Transcurrió así el invierno, laborioso y tenso, duro para casi todos: para los países, para los humanos. Y, sin apenas darme cuenta, se nos echó encima la primavera. Y con ella llegó una nueva invitación de mi padre. El hipódromo de La Zarzuela abría sus puertas, ¿por qué no le acompañaba?
Cuando yo no era más que una joven aprendiz en casa de doña Manuela, oíamos constantes referencias al hipódromo al que nuestras clientas asistían. Probablemente a muy pocas señoras les interesaban las carreras en sí, pero, del mismo modo que los caballos, ellas también competían. Si no en velocidad, sí en elegancia. El viejo hipódromo se encontraba entonces en el final del paseo de la Castellana y era lugar de encuentro social para la alta burguesía, la aristocracia e incluso la realeza, con Alfonso XIII a menudo en el palco real. Poco antes de la guerra se inició la construcción de otras instalaciones más modernas; la contienda, sin embargo, paró en seco el proyecto del nuevo recinto hípico. Tras dos años de paz, éste, aún a medio terminar, abría sus puertas en el monte de El Pardo.

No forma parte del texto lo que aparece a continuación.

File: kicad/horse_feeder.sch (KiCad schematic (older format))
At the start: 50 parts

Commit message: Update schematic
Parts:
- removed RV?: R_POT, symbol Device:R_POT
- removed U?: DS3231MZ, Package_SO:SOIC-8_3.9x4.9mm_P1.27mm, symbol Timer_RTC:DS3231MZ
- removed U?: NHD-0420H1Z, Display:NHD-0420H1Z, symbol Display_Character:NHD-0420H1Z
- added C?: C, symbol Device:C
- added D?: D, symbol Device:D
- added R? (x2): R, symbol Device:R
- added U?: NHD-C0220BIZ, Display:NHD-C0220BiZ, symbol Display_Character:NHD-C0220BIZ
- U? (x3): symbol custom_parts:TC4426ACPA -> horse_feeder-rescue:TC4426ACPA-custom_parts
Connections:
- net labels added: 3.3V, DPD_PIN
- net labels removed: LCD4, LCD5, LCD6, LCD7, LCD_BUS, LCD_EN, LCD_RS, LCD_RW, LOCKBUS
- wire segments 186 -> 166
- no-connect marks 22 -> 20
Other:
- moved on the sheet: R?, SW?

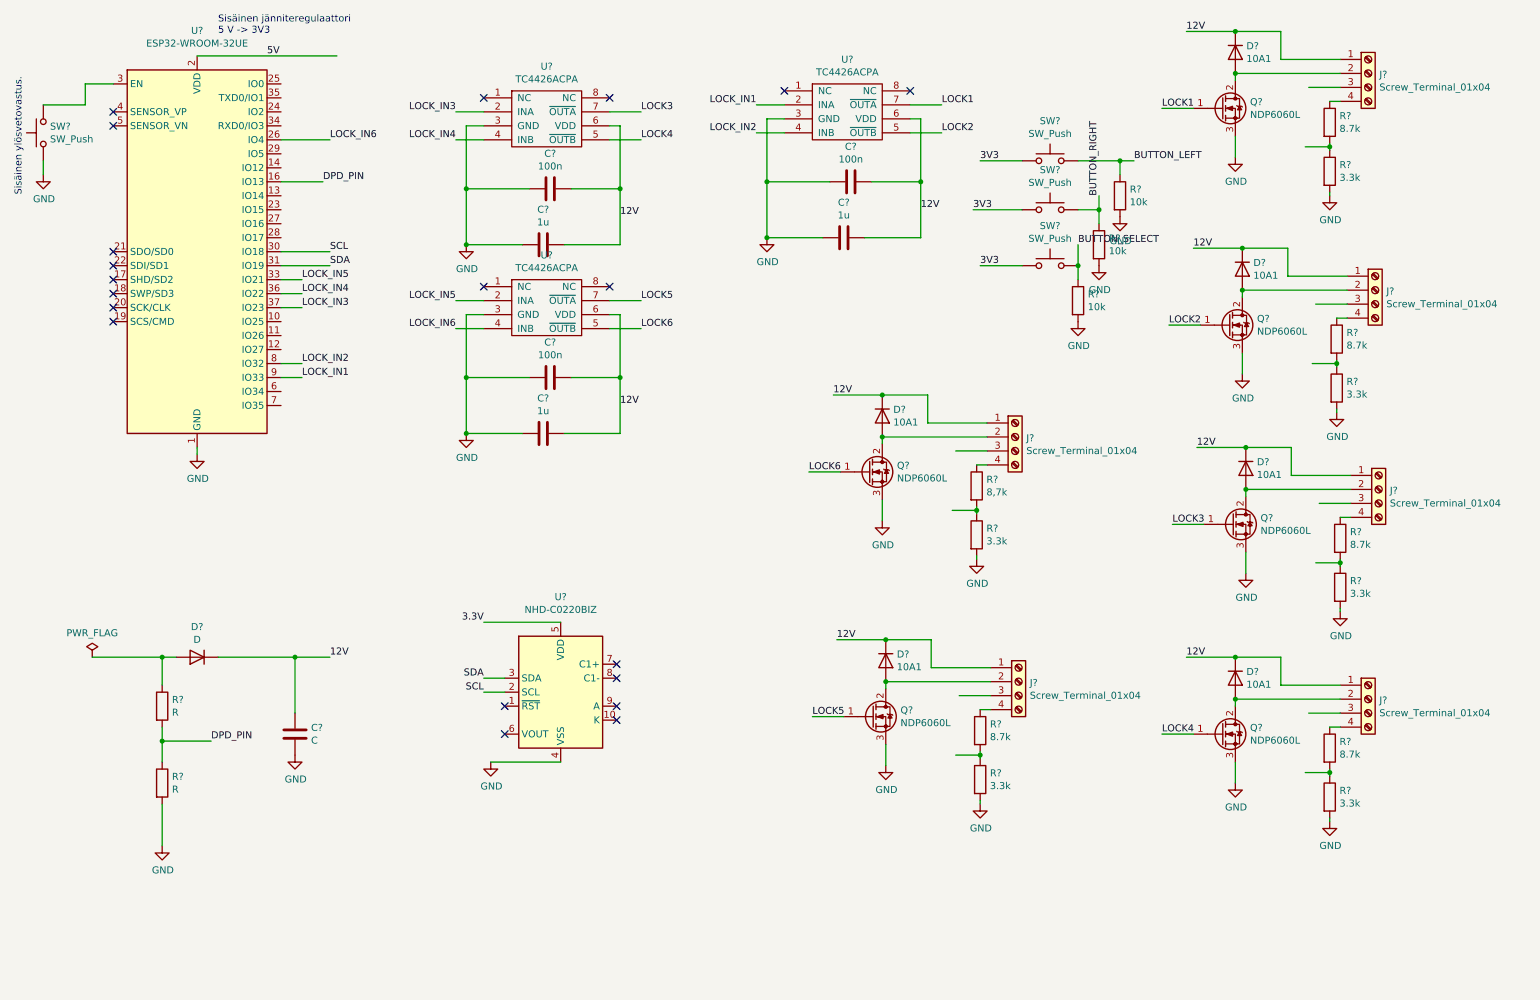
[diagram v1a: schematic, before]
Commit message: Modified schematic and PCB
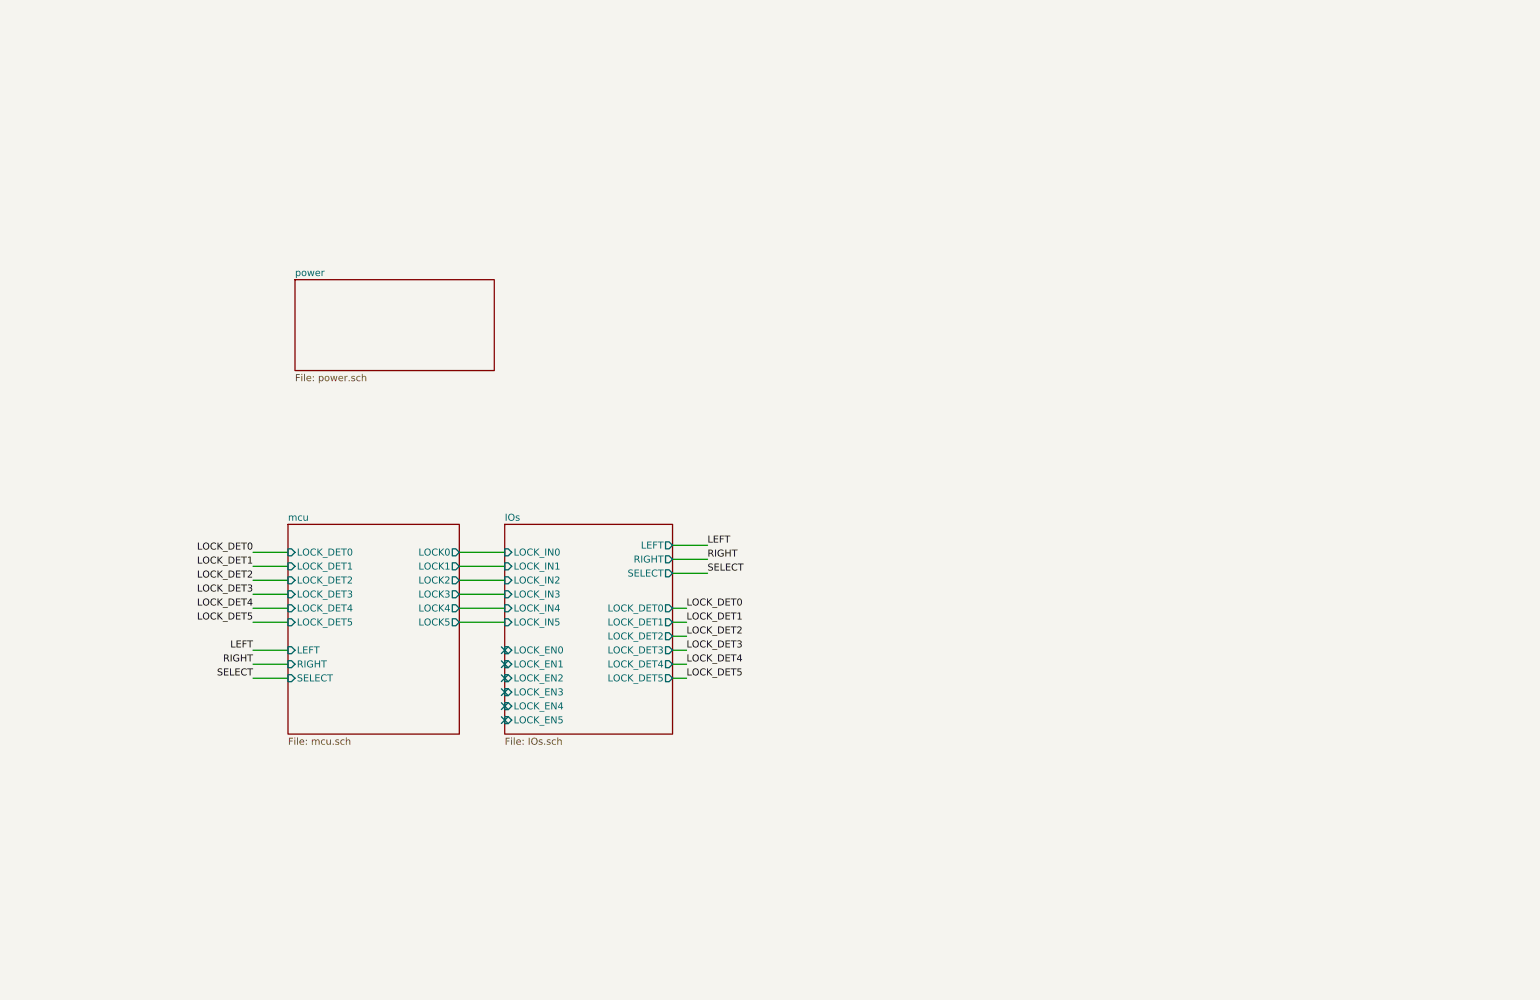
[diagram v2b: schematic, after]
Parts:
- removed C? (x3): 100n, symbol Device:C
- removed C? (x3): 1u, symbol Device:C
- removed C?: C, symbol Device:C
- removed D? (x6): 10A1, symbol Device:D
- removed D?: D, symbol Device:D
- removed J? (x6): Screw_Terminal_01x04, symbol Connector:Screw_Terminal_01x04
- removed Q? (x6): NDP6060L, symbol Device:Q_NMOS_GDS
- removed R? (x5): 8.7k, symbol Device:R
- removed R? (x6): 3.3k, symbol Device:R
- removed R?: 8,7k, symbol Device:R
- removed R? (x2): R, symbol Device:R
- removed R? (x3): 10k, symbol Device:R
- removed SW? (x4): SW_Push, symbol Switch:SW_Push
- removed U? (x3): TC4426ACPA, symbol horse_feeder-rescue:TC4426ACPA-custom_parts
- removed U?: ESP32-WROOM-32UE, RF_Module:ESP32-WROOM-32U, symbol RF_Module:ESP32-WROOM-32U
- removed U?: NHD-C0220BIZ, Display:NHD-C0220BiZ, symbol Display_Character:NHD-C0220BIZ
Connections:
- net labels added: LEFT, LOCK_DET0, LOCK_DET1, LOCK_DET2, LOCK_DET3, LOCK_DET4, LOCK_DET5, RIGHT, SELECT
- net labels removed: 12V, 3.3V, 3V3, 5V, BUTTON_LEFT, BUTTON_RIGHT, BUTTON_SELECT, DPD_PIN, GND, LOCK1, LOCK2, LOCK3, LOCK4, LOCK5, LOCK6, LOCK_IN1, LOCK_IN2, LOCK_IN3, LOCK_IN4, LOCK_IN5, LOCK_IN6, SCL, SDA
- wire segments 166 -> 24
- no-connect marks 20 -> 6
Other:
- note removed: "Sisäinen jänniteregulaattori\n5 V -> 3V3"
- note removed: "Sisäinen ylösvetovastus.\n"

La inauguración llevaba semanas ocupando titulares en los periódicos y saltando de boca en boca. Mi padre me recogió en su automóvil, le gustaba conducir. Durante el trayecto me explicó el proceso de la construcción del hipódromo con su original cubierta ondulada y habló también del entusiasmo de miles de madrileños por recuperar las viejas carreras. Yo, en reciprocidad, le describí mis recuerdos de la Hípica de Tetuán y la imponente estampa del jalifa atravesando a caballo la plaza de España para ir los viernes de su palacio a la mezquita. Y tanto, tanto hablamos que no hubo tiempo siquiera para que me adelantara que esa tarde tenía previsto encontrarse con alguien más. Y sólo al llegar a nuestra tribuna me di cuenta de que, al asistir a aquel evento de apariencia inocente, acababa de adentrarme por mi propio pie en la mismísima boca del lobo.